* **WHAT NEEDS TO BE DONE**: Every line of the material that mentions the word "close" should be copied out.

* **GIVEN RECORDS**:

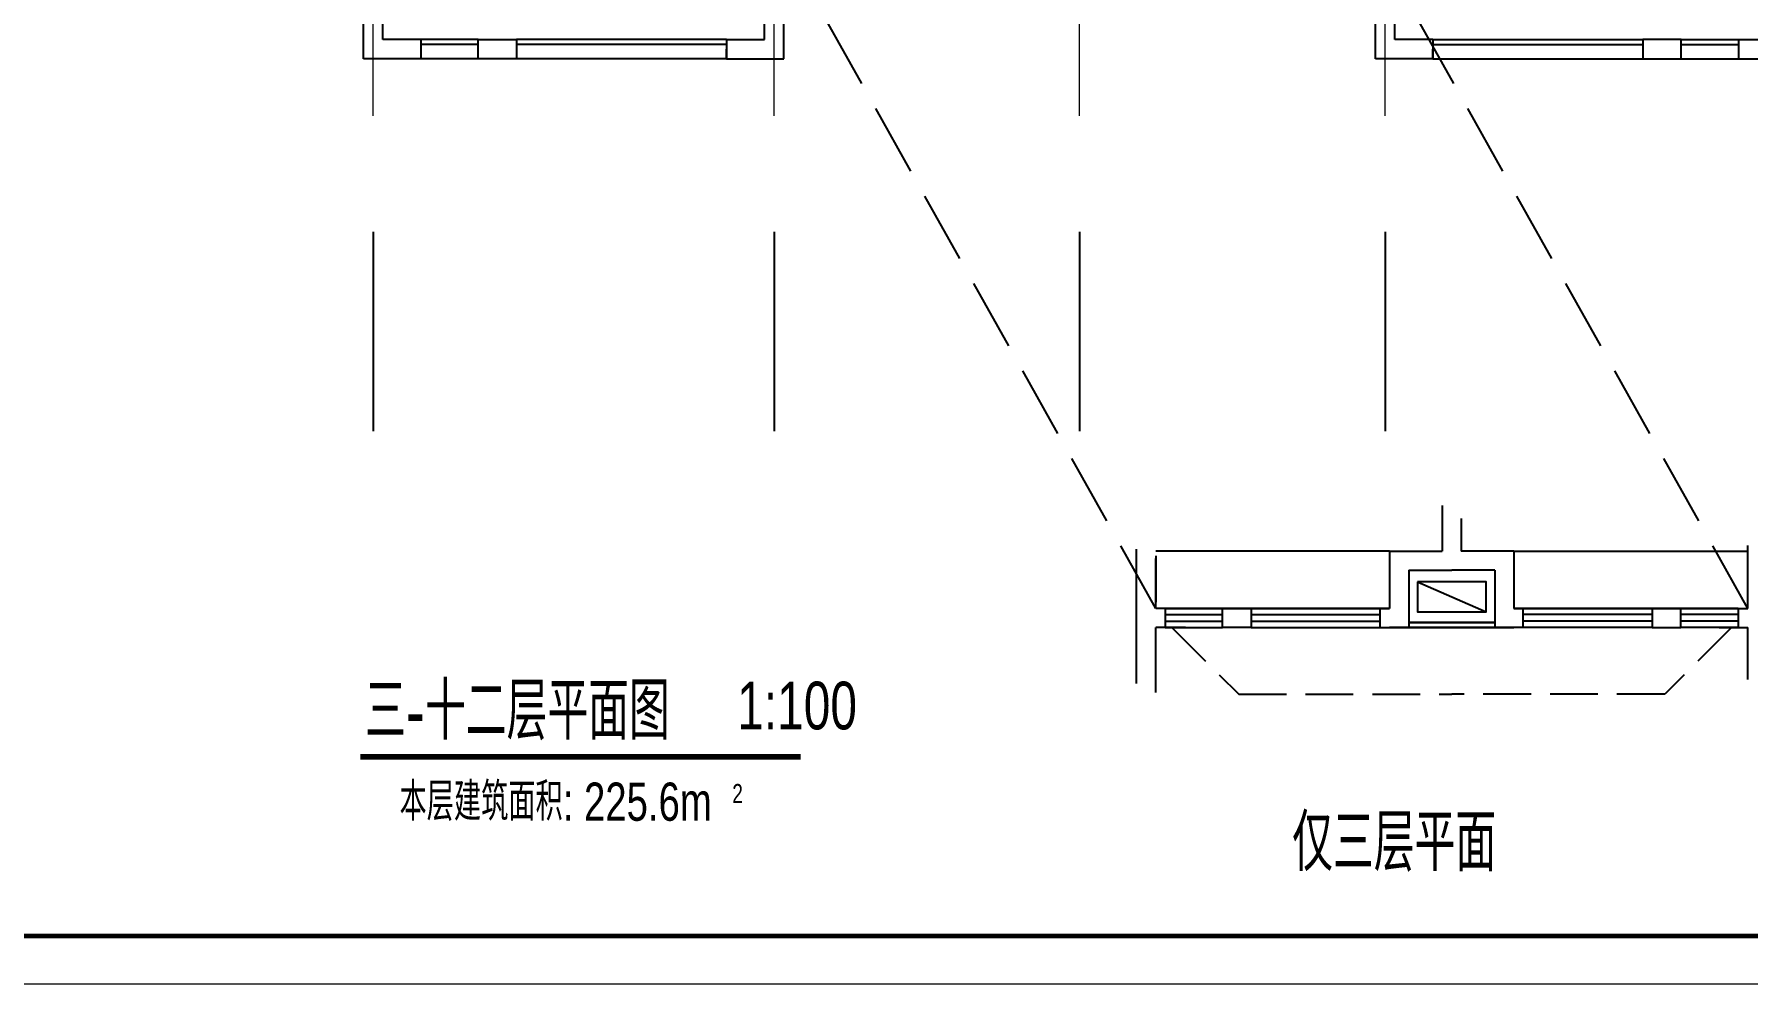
# Model space of a CAD drawing. Extents: x 1332633 to 1595679, y 264824 to 640777.
# Drawn here: x 1369182 to 1387130, y 544719 to 554664 of the extents above; entities that cross this region are included whole.
import ezdxf
from ezdxf.enums import TextEntityAlignment as Align

# ---------------------------------------------------------------- set-up
doc = ezdxf.new("R2010")
doc.units = 0
doc.header["$LTSCALE"] = 1000
doc.header["$MEASUREMENT"] = 0
doc.linetypes.add('DASH', pattern=[0.35, 0.25, -0.1])
doc.linetypes.add('DOTE', pattern=[2.42, 2, -0.2, 0.02, -0.2])
doc.layers.get('0').update_dxf_attribs({"linetype": 'CONTINUOUS'})
doc.layers.add('_公共_图框', color=4, linetype='CONTINUOUS', lineweight=5)
doc.layers.add('DOTE', color=1, linetype='DOTE', lineweight=13)
for name, color, linetype in [('A-Balcony(建筑阳台)', 32, 'CONTINUOUS'), ('A-Ground(室外构件)', 31, 'CONTINUOUS'), ('A-Hz1汉字注明（平、立面、房间名称等）', 7, 'CONTINUOUS'), ('A-Wall(建筑墙)', 255, 'CONTINUOUS'), ('A-WALL_建筑墙_', 255, 'CONTINUOUS'), ('A-WINDOW(建筑门窗)', 4, 'CONTINUOUS'), ('AXIS', 3, 'CONTINUOUS')]:
    doc.layers.add(name, color=color, linetype=linetype)
doc.styles.add('sunyat', font='3yromanc.shx', dxfattribs={"width": 0.75, "bigfont": '3yhztxt.shx'})
doc.styles.add('图框文字', font='SIMKAI.TTF')

# ---------------------------------------------------------------- blocks, each defined once
blk = doc.blocks.new('vvxv')
at = {"layer": '_公共_图框'}
blk.add_lwpolyline([(-63000, 0), (0, 0), (0, 29700), (-63000, 29700)], close=True, dxfattribs=at)
at = {"layer": '_公共_图框', "const_width": 50}
blk.add_lwpolyline([(-61750, 500), (-500, 500), (-500, 29200), (-61750, 29200)], close=True, dxfattribs=at)
at = {"layer": '_公共_图框', "style": '图框文字'}
for tag, height, p in [('建设单位', 250, (-2500, 19150)), ('合作单位', 250, (-2527, 16842)), ('项目名称', 250, (-2500, 15150)), ('项目编号', 250, (-2500, 13150)), ('建筑', 175, (-1300, 2800)), ('方案深化', 175, (-1300, 2450)), ('1:100', 175, (-1300, 2100)), ('20090705', 175, (-1300, 1750)), ('图号', 175, (-1300, 1225))]:
    blk.add_attdef(tag, text='', height=height, dxfattribs=at).set_placement(p, align=Align.MIDDLE_CENTER)
blk = doc.blocks.new('A$C79D20D74')
at = {"layer": 'A-Ground(室外构件)'}
blk.add_line((0, 720), (315, 0), dxfattribs=at)
blk.add_lwpolyline([(0, 720), (315, 720), (315, 0), (0, 0)], close=True, dxfattribs=at)

msp = doc.modelspace()

# ---------------------------------------------------------------- linework, layer by layer
at = {"linetype": 'DASH', "ltscale": 3}
for p, q in [((1380929, 548651), (1377032, 555608)), ((1387130, 548651), (1383232, 555608))]:
    msp.add_line(p, q, dxfattribs=at)
for p, q in [((1376432, 554508), (1376432, 554408)), ((1376432, 554408), (1376432, 554508)), ((1383832, 554508), (1383832, 554408)), ((1383832, 554408), (1383832, 554508))]:
    msp.add_line(p, q)
for points in [[(1373832, 554608), (1374232, 554608), (1374232, 554408), (1373832, 554408)], [(1386432, 554608), (1386032, 554608), (1386032, 554408), (1386432, 554408)]]:
    msp.add_lwpolyline(points, close=True)
at = {"layer": 'A-Balcony(建筑阳台)'}
for points in [[(1373832, 554608), (1373232, 554608)], [(1376432, 554608), (1374232, 554608)], [(1383832, 554608), (1386032, 554608)], [(1386432, 554608), (1387032, 554608)], [(1373832, 554558), (1373232, 554558)], [(1373832, 554408), (1373232, 554408)], [(1376432, 554558), (1374232, 554558)], [(1376432, 554408), (1374232, 554408)], [(1383832, 554558), (1386032, 554558)], [(1383832, 554408), (1386032, 554408)], [(1386432, 554558), (1387032, 554558)], [(1386432, 554408), (1387032, 554408)]]:
    msp.add_lwpolyline(points, dxfattribs=at)
at = {"layer": 'A-Ground(室外构件)'}
for p, q in [((1383579, 548501), (1384029, 548501)), ((1384029, 548501), (1383579, 548501)), ((1384479, 548501), (1384029, 548501)), ((1384029, 548501), (1384479, 548501)), ((1383579, 548451), (1384029, 548451)), ((1383579, 548451), (1384029, 548451)), ((1384029, 548451), (1383579, 548451)), ((1384479, 548451), (1384029, 548451)), ((1384479, 548451), (1384029, 548451)), ((1384029, 548451), (1384479, 548451))]:
    msp.add_line(p, q, dxfattribs=at)
at = {"layer": 'A-Hz1汉字注明（平、立面、房间名称等）', "const_width": 60}
msp.add_lwpolyline([(1372596, 547095), (1377209, 547095)], dxfattribs=at)
at = {"layer": 'A-Wall(建筑墙)'}
for p, q in [((1372832, 554608), (1372832, 556008)), ((1376832, 554608), (1376832, 556008)), ((1383432, 554608), (1383432, 556008)), ((1377032, 554408), (1377032, 555408)), ((1383232, 554408), (1383232, 555408)), ((1373232, 554608), (1372832, 554608)), ((1373232, 554608), (1373232, 554408)), ((1376432, 554608), (1376432, 554408)), ((1383832, 554608), (1383832, 554408)), ((1387032, 554608), (1387432, 554608)), ((1387032, 554608), (1387032, 554408)), ((1373232, 554408), (1372632, 554408)), ((1387032, 554408), (1387632, 554408)), ((1380729, 547864), (1380729, 549269)), ((1380929, 549201), (1380929, 548714)), ((1383379, 549251), (1383379, 549051)), ((1383379, 549251), (1383929, 549251)), ((1383379, 549251), (1383379, 548651)), ((1384679, 549251), (1384129, 549251)), ((1384679, 549251), (1384679, 549051)), ((1384679, 549251), (1384679, 548651)), ((1387129, 548651), (1387129, 549309)), ((1387129, 548651), (1387129, 549309)), ((1380929, 548651), (1380929, 549174)), ((1380929, 548651), (1380929, 549174)), ((1383579, 549051), (1383579, 548451)), ((1383579, 549051), (1384029, 549051)), ((1384479, 549051), (1384029, 549051)), ((1384479, 549051), (1384479, 548451)), ((1380929, 547769), (1380929, 548451)), ((1383279, 548451), (1383579, 548451)), ((1383579, 548451), (1383379, 548451)), ((1384479, 548451), (1384679, 548451)), ((1384779, 548451), (1384479, 548451)), ((1387129, 547904), (1387129, 548451))]:
    msp.add_line(p, q, dxfattribs=at)
at = {"layer": 'A-Wall(建筑墙)', "linetype": 'DASH', "ltscale": 2}
for p, q in [((1381098, 548451), (1381798, 547751)), ((1386960, 548451), (1386260, 547751)), ((1381798, 547751), (1384029, 547751)), ((1386260, 547751), (1384029, 547751))]:
    msp.add_line(p, q, dxfattribs=at)
at = {"layer": 'A-WALL_建筑墙_'}
for p, q in [((1372632, 554408), (1372632, 555408)), ((1376432, 554608), (1376832, 554608)), ((1383832, 554608), (1383432, 554608)), ((1376432, 554408), (1377032, 554408)), ((1383832, 554408), (1383232, 554408)), ((1383929, 549729), (1383929, 549251)), ((1383929, 549729), (1383929, 549251)), ((1384129, 549591), (1384129, 549251)), ((1381322, 548651), (1380929, 548651)), ((1381322, 548651), (1380929, 548651)), ((1381029, 548651), (1380929, 548651)), ((1381029, 548651), (1381029, 548451)), ((1381629, 548451), (1381629, 548651)), ((1383279, 548451), (1383279, 548651)), ((1383279, 548651), (1383379, 548651)), ((1384779, 548651), (1384679, 548651)), ((1384779, 548451), (1384779, 548651)), ((1386429, 548451), (1386429, 548651)), ((1386736, 548651), (1387129, 548651)), ((1387029, 548651), (1387129, 548651)), ((1387029, 548651), (1387029, 548451)), ((1381240, 548451), (1380929, 548451)), ((1381229, 548451), (1380929, 548451)), ((1381029, 548451), (1380929, 548451)), ((1386830, 548451), (1387129, 548451)), ((1387029, 548451), (1387129, 548451))]:
    msp.add_line(p, q, dxfattribs=at)
for points in [[(1381629, 548651), (1381929, 548651), (1381929, 548451), (1381629, 548451)], [(1386429, 548651), (1386129, 548651), (1386129, 548451), (1386429, 548451)]]:
    msp.add_lwpolyline(points, close=True, dxfattribs=at)
at = {"layer": 'A-WINDOW(建筑门窗)'}
for p, q in [((1383379, 549251), (1380929, 549251)), ((1384679, 549251), (1387129, 549251)), ((1381029, 548651), (1381629, 548651)), ((1381629, 548651), (1381029, 548651)), ((1383379, 548651), (1381322, 548651)), ((1383279, 548651), (1381929, 548651)), ((1381929, 548651), (1383279, 548651)), ((1383279, 548651), (1381929, 548651)), ((1384679, 548651), (1386736, 548651)), ((1384779, 548651), (1386129, 548651)), ((1386129, 548651), (1384779, 548651)), ((1384779, 548651), (1386129, 548651)), ((1387029, 548651), (1386429, 548651)), ((1386429, 548651), (1387029, 548651)), ((1381029, 548585), (1381629, 548585)), ((1381029, 548518), (1381629, 548518)), ((1381929, 548585), (1383279, 548585)), ((1381929, 548518), (1383279, 548518)), ((1386129, 548585), (1384779, 548585)), ((1386129, 548518), (1384779, 548518)), ((1387029, 548585), (1386429, 548585)), ((1387029, 548518), (1386429, 548518)), ((1381029, 548451), (1381629, 548451)), ((1381929, 548451), (1383279, 548451)), ((1386129, 548451), (1384779, 548451)), ((1387029, 548451), (1386429, 548451))]:
    msp.add_line(p, q, dxfattribs=at)
at = {"layer": 'AXIS'}
for p, q in [((1372732, 552596), (1372732, 550507)), ((1376932, 552596), (1376932, 550507)), ((1380132, 552596), (1380132, 550507)), ((1383332, 552596), (1383332, 550507))]:
    msp.add_line(p, q, dxfattribs=at)
at = {"layer": 'DOTE'}
for p, q in [((1372732, 553808), (1372732, 570841)), ((1376932, 553808), (1376932, 570841)), ((1383332, 553808), (1383332, 570841)), ((1380132, 553808), (1380132, 560608))]:
    msp.add_line(p, q, dxfattribs=at)

# ---------------------------------------------------------------- block references
msp.add_blockref('vvxv', (1401833, 544719))
at = {"layer": 'A-Ground(室外构件)', "xscale": -1, "rotation": 90}
msp.add_blockref('A$C79D20D74', (1384389, 548929), dxfattribs=at)

# ---------------------------------------------------------------- texts
at = {"layer": 'A-Hz1汉字注明（平、立面、房间名称等）', "style": 'sunyat', "width": 0.75}
for s, height, p in [('三-十二层平面图', 600, (1372647, 547275)), ('1:100', 500, (1376545, 547383, 0)), ('仅三层平面', 600, (1382358, 545898))]:
    msp.add_text(s, height=height, dxfattribs=at).set_placement(p)
for s, height, p in [('本层建筑面积: 225.6m', 400, (1374643, 546426, 0)), ('2', 200, (1376549, 546611, 0))]:
    msp.add_text(s, height=height, dxfattribs=at).set_placement(p, align=Align.CENTER)

doc.saveas('drawing.dxf')

* **FINAL ANSWER**:
blk.add_lwpolyline([(-63000, 0), (0, 0), (0, 29700), (-63000, 29700)], close=True, dxfattribs=at)
blk.add_lwpolyline([(-61750, 500), (-500, 500), (-500, 29200), (-61750, 29200)], close=True, dxfattribs=at)
blk.add_lwpolyline([(0, 720), (315, 720), (315, 0), (0, 0)], close=True, dxfattribs=at)
    msp.add_lwpolyline(points, close=True)
    msp.add_lwpolyline(points, close=True, dxfattribs=at)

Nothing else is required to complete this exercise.